Don’t panic. This is very rare. This is characterized by a dog’s eyes being wide open — like, bug-eyed. Since most will have slits open or partial eyes open, the difference between partial and bug eyes will be straightforward to see (no pun intended).
How do I know if it’s a seizure?
If you’re now panicking anyway, you can use these questions to help you gauge if it’s a seizure or just sleeping with their eyes open:
- Do they seem otherwise relaxed?
- Are they twitching once in a while?
- Is their breathing normal?
If you answered “yes” to any of these, your dog is okay. If your dog has a seizure, it will be rigid and consistently shaking and trembling like shivering. Their breathing will be labored, and they’ll often have a weird expression on their face. They can often howl or wail, too.
Why do senior dogs sleep with their eyes open?
From a lizard brain point of view, it’s because they have to protect themselves more since they won’t be able to avoid threats quite as easily and will have to be on guard a bit more even as they sleep.
As well, this is the reason why sick dogs will sleep with their eyes open — they know that they have to be extra careful to protect themselves from predators!
Senior dogs are also more likely to struggle with Lagophthalmos since this is a common issue as your dog becomes predisposed to aging eyes and glaucoma.
Why is my dog snoring with their eyes open?
It means that they are having an excellent, deep sleep.
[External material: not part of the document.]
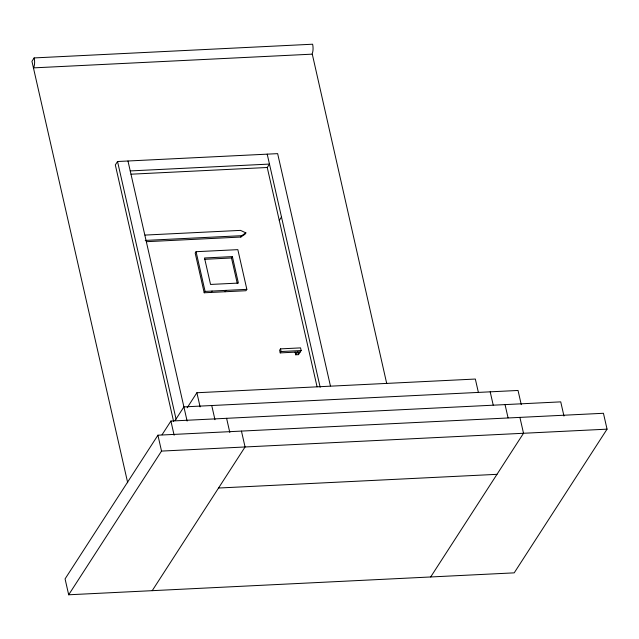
<?xml version="1.0" encoding="UTF-8"?>
<svg xmlns="http://www.w3.org/2000/svg" width="639" height="639" viewBox="0 0 639 639"><rect width="100%" height="100%" fill="white"/><g stroke="black" fill="none" stroke-linecap="round" stroke-linejoin="round"><path stroke-width="0.96" d="M386.723 383.552L312.191 53.7A7.46 2.652 87.2 0 0 312.783 45.042L312.591 44.219L34.139 57.925L31.95 61.312L127.696 482.757M330.419 385.924L277.646 153.64L117.536 161.515L115.324 164.934L173.616 421.524M196.069 251.702L195.183 253.076L204.2 292.774L245.967 290.721L246.854 289.347L237.836 249.649L196.069 251.702L205.087 291.408L204.2 292.774M317.08 386.827L267.246 167.498L269.458 164.079L130.236 170.925M146.339 241.694L240.815 237.045L241.702 235.679L245.887 232.876L240.496 230.383L145.029 235.08M245.887 232.876L245.001 234.241L240.815 237.045M237.293 283.5L231.494 257.98L232.372 256.606L204.528 257.98L210.543 284.443L238.387 283.077L232.372 256.606M211.166 292.43L212.044 291.064M225.088 291.743L225.966 290.378M279.275 220.431L281.487 217.012M157.921 435.199L65.074 578.894L68.685 594.781L514.203 572.856L607.05 429.16L603.44 413.281L157.921 435.199L161.523 451.086L68.685 594.781M162.066 434.736L170.909 421.053L560.738 401.867L563.965 416.053M175.054 420.582L183.896 406.899L518.037 390.461L521.264 404.639M187.179 407.762L196.884 392.745L475.336 379.047L478.347 392.282M295.114 352.129L295.721 354.781L298.501 354.645L301.153 350.539L300.554 347.888L280.505 348.878L279.618 350.244L280.225 352.888L300.274 351.905M280.225 352.888L281.104 351.522L280.505 348.878M295.721 354.781L297.486 352.041M152.218 590.668L245.064 446.973L241.454 431.093M430.67 576.969L523.517 433.274L519.906 417.395M311.896 54.171L33.444 67.878L33.739 67.399A7.46 2.652 87.2 0 0 34.33 58.74L34.139 57.925M131.003 174.199L267.246 167.498M145.237 240.424L241.702 235.679M204.64 259.298L231.494 257.98M205.087 291.408L246.854 289.347M281.104 351.522L301.153 350.539M161.523 451.086L607.05 429.16M218.538 488.028L496.99 474.33M505.05 404.607L508.061 417.842M490.193 391.827L493.204 405.062M267.206 154.151L320.171 387.298M297.902 351.993L298.501 354.645M226.597 418.313L229.816 432.491M211.741 405.525L214.968 419.703M196.884 392.745L200.111 406.923M127.976 160.996L187.123 421.077M117.536 161.515L176.052 419.072M170.909 421.053L174.127 435.231"/></g></svg>

Since this is the REM stage, you might even notice that they have their tongue stuck out too! Many dog lovers will call this a tongue blep.
Why do blind dogs sleep with their eyes open?
This could be for any of the reasons above since dogs don’t know or understand that they are blind. Some experts believe that blind dogs sleep with their eyes open because they don’t understand what eyes are and have no need to close them.
When they are in their deep sleep cycles, dogs can sleep with their eyes open. This is done partially to help it appear to predators as though they are still alert and paying attention — making them less of a target — and it also is just a trait of REM sleep in dogs.
It can be a sign of an illness or seizure in rare cases, so you will need to know what is normal and what isn’t!
When your dog sleeps with their eyes open, they’re enjoying some good downtime so that they can rest and recharge.